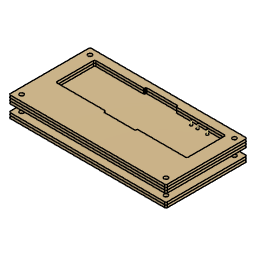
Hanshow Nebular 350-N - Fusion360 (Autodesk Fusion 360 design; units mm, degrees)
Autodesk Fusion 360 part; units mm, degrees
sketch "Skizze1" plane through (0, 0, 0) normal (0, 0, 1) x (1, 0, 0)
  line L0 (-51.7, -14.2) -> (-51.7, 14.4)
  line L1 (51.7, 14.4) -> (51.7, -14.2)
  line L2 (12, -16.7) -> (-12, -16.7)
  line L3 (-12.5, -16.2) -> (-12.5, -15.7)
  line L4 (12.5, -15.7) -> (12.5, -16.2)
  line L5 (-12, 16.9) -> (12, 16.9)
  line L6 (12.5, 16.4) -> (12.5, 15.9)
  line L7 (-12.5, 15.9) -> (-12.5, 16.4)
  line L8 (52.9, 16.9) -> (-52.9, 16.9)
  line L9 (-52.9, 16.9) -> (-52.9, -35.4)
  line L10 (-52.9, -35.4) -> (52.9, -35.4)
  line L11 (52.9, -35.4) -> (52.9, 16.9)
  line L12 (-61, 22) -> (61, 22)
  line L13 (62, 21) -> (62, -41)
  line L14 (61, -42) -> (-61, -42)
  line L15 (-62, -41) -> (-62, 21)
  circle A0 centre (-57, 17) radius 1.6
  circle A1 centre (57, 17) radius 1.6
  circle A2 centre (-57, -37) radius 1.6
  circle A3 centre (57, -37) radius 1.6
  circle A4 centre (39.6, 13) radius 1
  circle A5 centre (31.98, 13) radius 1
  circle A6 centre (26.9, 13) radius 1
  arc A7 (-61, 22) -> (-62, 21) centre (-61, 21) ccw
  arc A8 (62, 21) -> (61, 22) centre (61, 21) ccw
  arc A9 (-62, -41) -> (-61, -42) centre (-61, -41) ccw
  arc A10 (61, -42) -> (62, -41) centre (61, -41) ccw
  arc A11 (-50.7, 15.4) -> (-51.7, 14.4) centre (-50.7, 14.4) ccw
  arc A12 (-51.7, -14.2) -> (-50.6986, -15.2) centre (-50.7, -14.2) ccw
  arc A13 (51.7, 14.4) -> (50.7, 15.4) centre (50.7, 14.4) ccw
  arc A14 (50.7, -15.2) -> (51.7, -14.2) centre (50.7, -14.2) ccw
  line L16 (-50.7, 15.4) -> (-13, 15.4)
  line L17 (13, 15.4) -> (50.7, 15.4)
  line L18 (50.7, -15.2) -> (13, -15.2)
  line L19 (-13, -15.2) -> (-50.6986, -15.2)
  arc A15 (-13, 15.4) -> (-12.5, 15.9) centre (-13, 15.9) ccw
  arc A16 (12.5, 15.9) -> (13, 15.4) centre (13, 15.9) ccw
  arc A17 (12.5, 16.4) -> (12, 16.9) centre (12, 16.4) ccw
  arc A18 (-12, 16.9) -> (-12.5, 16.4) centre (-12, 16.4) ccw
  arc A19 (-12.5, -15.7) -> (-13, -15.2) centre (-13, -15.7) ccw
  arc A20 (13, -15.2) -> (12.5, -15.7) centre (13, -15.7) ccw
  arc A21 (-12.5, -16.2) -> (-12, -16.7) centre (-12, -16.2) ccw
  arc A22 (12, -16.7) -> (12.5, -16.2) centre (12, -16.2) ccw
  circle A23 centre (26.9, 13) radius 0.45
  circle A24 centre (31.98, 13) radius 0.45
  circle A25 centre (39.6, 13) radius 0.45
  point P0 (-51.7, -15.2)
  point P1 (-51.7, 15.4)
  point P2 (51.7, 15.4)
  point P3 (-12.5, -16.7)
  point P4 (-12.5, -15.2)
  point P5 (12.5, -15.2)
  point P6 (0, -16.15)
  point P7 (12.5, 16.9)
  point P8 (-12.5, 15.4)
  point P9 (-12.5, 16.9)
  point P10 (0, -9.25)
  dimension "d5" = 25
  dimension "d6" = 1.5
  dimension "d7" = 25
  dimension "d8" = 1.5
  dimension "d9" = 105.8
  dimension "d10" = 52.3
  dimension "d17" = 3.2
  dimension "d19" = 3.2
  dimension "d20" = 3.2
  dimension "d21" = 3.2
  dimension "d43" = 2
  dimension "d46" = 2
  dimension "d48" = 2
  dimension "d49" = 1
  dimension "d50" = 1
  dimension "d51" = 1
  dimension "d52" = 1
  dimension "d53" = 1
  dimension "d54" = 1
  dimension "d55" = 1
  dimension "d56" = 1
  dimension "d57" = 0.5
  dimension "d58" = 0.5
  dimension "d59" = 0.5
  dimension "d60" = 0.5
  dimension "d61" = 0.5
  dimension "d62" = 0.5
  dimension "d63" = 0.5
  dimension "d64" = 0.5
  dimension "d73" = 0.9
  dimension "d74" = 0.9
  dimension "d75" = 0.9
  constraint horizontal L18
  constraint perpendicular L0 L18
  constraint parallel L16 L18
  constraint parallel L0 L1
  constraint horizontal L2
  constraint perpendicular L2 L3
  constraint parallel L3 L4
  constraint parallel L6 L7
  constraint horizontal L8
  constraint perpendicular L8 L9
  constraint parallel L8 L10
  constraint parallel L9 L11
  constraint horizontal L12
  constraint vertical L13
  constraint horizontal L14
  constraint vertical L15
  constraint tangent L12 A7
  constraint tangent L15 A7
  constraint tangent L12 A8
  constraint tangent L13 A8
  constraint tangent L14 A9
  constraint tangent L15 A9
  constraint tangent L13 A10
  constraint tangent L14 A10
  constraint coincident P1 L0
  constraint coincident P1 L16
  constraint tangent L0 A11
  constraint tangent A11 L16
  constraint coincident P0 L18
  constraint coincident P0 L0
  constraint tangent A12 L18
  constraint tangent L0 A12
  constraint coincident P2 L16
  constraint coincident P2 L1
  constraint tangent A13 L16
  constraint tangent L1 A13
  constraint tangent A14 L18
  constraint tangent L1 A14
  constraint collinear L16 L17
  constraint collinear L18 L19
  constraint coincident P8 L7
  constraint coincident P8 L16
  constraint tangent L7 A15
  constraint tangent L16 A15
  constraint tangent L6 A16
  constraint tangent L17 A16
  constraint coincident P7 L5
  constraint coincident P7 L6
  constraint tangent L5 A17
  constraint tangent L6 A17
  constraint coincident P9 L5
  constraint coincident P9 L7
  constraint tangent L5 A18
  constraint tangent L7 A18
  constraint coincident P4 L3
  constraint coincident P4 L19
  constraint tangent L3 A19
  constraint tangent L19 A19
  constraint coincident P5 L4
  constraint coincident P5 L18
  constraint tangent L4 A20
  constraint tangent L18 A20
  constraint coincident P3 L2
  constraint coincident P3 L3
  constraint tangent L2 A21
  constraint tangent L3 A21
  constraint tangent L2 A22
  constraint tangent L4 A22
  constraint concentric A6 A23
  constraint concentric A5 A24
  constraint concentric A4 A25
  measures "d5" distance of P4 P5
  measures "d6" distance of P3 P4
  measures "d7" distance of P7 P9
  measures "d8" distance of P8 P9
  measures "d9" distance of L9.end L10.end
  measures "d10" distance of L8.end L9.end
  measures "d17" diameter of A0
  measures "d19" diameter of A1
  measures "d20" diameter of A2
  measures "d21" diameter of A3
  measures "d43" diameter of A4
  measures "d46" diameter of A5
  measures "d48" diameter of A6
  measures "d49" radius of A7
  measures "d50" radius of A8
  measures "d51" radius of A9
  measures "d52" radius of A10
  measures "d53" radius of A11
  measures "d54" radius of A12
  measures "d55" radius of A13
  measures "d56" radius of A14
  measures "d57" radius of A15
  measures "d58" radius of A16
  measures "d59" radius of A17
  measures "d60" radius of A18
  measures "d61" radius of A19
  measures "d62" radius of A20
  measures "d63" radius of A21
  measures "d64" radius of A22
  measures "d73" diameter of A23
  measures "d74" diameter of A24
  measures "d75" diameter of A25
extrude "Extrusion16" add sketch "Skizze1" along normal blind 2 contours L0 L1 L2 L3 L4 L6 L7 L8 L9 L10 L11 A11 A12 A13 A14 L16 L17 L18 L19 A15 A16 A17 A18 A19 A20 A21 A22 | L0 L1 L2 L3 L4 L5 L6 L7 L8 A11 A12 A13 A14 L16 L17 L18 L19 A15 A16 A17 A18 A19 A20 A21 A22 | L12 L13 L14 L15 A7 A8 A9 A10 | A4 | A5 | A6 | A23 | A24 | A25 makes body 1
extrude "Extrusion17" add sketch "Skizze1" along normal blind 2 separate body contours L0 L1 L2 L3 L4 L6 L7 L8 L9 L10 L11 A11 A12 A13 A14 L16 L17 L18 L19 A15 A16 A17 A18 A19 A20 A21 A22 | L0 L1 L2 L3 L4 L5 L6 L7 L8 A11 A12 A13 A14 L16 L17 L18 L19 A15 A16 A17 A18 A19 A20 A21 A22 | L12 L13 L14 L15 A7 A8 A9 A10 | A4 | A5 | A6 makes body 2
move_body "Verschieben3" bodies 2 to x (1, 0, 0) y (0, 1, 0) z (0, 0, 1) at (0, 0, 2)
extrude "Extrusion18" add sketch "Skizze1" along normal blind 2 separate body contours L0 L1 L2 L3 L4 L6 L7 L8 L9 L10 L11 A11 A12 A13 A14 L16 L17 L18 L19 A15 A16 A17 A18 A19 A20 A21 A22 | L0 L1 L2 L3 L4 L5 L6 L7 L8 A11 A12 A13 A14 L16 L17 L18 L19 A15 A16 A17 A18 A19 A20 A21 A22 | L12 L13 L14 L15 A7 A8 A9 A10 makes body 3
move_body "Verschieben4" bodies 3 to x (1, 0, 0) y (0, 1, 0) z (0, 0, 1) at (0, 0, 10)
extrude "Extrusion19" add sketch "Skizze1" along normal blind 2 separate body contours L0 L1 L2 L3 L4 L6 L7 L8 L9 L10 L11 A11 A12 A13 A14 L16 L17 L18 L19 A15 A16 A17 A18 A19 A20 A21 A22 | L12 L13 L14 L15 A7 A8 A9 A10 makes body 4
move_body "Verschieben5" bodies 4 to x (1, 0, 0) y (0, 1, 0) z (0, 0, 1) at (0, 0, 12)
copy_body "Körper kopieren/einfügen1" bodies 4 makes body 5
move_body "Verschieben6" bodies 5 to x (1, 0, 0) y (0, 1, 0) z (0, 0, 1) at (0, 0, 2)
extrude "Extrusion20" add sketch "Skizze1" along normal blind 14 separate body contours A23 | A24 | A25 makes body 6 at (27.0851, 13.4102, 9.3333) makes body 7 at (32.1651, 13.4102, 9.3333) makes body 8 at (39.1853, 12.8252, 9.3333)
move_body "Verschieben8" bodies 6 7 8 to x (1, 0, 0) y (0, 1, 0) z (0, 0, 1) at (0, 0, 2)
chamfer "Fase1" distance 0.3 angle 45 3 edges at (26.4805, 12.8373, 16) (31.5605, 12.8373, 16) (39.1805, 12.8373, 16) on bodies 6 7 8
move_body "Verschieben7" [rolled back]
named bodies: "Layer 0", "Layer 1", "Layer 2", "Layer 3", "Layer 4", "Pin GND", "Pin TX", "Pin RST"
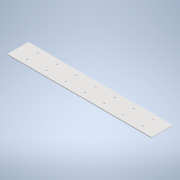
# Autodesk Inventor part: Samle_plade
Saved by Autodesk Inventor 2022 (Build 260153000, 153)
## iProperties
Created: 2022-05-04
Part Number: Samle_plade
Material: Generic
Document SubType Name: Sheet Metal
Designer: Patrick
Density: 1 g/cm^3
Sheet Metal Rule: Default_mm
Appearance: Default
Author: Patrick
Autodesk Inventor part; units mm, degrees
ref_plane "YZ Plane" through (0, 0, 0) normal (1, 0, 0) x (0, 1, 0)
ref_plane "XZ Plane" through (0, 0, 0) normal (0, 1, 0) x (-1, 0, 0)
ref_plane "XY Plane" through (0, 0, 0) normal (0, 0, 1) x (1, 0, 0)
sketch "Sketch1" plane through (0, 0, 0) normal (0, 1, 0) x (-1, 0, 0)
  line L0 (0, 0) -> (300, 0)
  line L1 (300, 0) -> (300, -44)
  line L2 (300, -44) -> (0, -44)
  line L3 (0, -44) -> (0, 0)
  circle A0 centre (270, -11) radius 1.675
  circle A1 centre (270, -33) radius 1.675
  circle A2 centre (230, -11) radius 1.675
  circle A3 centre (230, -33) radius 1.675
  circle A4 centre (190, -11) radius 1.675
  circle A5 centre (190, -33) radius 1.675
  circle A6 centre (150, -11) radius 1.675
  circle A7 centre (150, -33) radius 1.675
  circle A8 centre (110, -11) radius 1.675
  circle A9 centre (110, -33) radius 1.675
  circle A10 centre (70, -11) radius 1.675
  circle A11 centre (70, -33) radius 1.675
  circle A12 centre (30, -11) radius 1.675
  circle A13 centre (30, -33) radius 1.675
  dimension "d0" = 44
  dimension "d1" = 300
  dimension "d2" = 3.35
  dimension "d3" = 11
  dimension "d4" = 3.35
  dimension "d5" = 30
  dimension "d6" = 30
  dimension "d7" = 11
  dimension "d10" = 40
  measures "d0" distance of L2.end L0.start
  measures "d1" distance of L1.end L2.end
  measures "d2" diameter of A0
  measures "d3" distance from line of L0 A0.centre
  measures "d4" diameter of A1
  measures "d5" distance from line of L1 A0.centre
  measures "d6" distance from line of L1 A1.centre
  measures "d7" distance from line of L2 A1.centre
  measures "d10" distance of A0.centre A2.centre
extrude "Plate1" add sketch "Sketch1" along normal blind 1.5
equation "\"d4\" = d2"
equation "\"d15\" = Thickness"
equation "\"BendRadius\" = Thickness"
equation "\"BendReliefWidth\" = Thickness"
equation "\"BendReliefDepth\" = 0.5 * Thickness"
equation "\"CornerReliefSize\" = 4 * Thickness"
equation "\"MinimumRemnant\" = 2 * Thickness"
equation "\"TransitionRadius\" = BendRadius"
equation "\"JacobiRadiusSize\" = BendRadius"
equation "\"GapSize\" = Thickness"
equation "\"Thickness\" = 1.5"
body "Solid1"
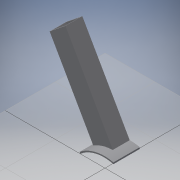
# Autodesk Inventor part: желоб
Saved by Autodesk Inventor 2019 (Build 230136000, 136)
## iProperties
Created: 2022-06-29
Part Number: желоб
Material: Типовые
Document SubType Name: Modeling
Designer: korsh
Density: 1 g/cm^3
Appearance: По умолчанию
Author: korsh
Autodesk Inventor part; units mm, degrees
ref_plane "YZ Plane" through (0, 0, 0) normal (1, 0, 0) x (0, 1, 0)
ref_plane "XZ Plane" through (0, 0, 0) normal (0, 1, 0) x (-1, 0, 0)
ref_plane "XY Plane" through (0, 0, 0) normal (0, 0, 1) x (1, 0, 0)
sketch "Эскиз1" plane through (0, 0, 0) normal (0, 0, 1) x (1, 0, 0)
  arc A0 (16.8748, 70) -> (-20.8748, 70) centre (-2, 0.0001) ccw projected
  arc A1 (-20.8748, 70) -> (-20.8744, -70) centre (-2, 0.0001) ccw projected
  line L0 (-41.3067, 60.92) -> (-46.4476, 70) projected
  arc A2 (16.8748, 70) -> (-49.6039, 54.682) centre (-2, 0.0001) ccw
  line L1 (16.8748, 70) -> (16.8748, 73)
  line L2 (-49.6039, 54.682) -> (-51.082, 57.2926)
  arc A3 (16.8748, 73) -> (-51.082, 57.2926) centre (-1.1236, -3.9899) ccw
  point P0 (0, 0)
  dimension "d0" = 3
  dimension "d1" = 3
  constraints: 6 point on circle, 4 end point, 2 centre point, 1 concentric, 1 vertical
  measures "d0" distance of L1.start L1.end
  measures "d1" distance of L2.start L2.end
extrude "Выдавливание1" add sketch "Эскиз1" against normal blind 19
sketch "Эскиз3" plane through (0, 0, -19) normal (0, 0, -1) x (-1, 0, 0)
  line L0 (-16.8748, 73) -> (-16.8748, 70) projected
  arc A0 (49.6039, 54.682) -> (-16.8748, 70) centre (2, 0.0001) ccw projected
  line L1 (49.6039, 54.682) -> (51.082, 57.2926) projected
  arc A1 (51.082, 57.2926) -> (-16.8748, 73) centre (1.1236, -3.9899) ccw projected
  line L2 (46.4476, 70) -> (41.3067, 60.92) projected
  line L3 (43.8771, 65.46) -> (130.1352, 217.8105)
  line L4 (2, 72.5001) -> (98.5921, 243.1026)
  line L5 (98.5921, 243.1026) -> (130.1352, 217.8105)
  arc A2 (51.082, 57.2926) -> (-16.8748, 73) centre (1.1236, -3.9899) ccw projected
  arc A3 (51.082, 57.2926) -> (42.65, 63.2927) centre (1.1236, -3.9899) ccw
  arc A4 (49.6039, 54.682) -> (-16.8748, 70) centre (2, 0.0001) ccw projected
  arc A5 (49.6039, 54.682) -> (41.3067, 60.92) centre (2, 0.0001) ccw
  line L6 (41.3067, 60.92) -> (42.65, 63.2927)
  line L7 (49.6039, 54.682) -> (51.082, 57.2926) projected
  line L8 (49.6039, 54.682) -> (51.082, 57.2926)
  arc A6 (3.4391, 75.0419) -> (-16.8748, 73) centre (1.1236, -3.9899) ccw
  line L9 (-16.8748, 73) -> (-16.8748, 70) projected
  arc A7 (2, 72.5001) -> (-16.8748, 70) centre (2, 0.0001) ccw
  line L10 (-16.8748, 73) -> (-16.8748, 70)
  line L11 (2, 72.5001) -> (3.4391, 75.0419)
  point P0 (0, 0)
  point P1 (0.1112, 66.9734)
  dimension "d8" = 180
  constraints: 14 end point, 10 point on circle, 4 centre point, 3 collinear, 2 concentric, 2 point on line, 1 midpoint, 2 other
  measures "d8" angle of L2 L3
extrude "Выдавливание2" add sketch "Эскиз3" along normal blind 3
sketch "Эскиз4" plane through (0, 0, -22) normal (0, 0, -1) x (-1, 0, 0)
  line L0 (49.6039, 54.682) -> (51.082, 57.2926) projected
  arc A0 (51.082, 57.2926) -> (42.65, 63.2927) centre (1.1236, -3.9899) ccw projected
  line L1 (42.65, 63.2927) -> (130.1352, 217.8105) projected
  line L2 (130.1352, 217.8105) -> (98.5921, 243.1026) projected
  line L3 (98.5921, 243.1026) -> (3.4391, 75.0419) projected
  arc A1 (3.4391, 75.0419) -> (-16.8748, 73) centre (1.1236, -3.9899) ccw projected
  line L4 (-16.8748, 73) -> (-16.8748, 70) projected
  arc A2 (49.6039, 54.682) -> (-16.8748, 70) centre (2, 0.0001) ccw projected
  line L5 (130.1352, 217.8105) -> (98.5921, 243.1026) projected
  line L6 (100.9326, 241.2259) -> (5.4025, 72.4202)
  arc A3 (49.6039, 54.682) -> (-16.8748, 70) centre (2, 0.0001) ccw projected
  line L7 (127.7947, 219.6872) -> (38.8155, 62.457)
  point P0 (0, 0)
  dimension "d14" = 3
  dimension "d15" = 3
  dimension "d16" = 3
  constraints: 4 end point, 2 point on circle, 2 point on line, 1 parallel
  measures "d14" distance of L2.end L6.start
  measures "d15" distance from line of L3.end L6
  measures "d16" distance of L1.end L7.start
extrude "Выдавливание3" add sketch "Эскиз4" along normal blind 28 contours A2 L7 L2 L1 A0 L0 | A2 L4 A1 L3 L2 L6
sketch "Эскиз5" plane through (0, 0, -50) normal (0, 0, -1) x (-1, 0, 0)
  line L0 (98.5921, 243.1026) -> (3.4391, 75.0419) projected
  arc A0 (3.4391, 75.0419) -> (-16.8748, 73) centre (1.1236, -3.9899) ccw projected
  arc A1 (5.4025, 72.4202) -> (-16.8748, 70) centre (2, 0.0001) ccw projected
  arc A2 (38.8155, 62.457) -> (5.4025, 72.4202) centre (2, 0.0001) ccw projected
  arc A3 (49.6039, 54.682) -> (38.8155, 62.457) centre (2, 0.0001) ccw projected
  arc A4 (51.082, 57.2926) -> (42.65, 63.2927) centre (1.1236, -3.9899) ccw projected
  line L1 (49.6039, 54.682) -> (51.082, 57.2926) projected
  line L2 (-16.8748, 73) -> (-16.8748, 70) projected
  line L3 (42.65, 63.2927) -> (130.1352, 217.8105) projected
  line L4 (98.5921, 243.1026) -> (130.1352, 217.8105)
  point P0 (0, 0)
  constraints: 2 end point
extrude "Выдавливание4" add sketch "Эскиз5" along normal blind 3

==============================

# Task requirements
Start with the line above that contains "circle A2 centre (230, -11) radius 1.675" and stop after the line that contains "circle A10 centre (70, -11) radius 1.675". Output those lines exactly, and only those.

# The completed task
  circle A2 centre (230, -11) radius 1.675
  circle A3 centre (230, -33) radius 1.675
  circle A4 centre (190, -11) radius 1.675
  circle A5 centre (190, -33) radius 1.675
  circle A6 centre (150, -11) radius 1.675
  circle A7 centre (150, -33) radius 1.675
  circle A8 centre (110, -11) radius 1.675
  circle A9 centre (110, -33) radius 1.675
  circle A10 centre (70, -11) radius 1.675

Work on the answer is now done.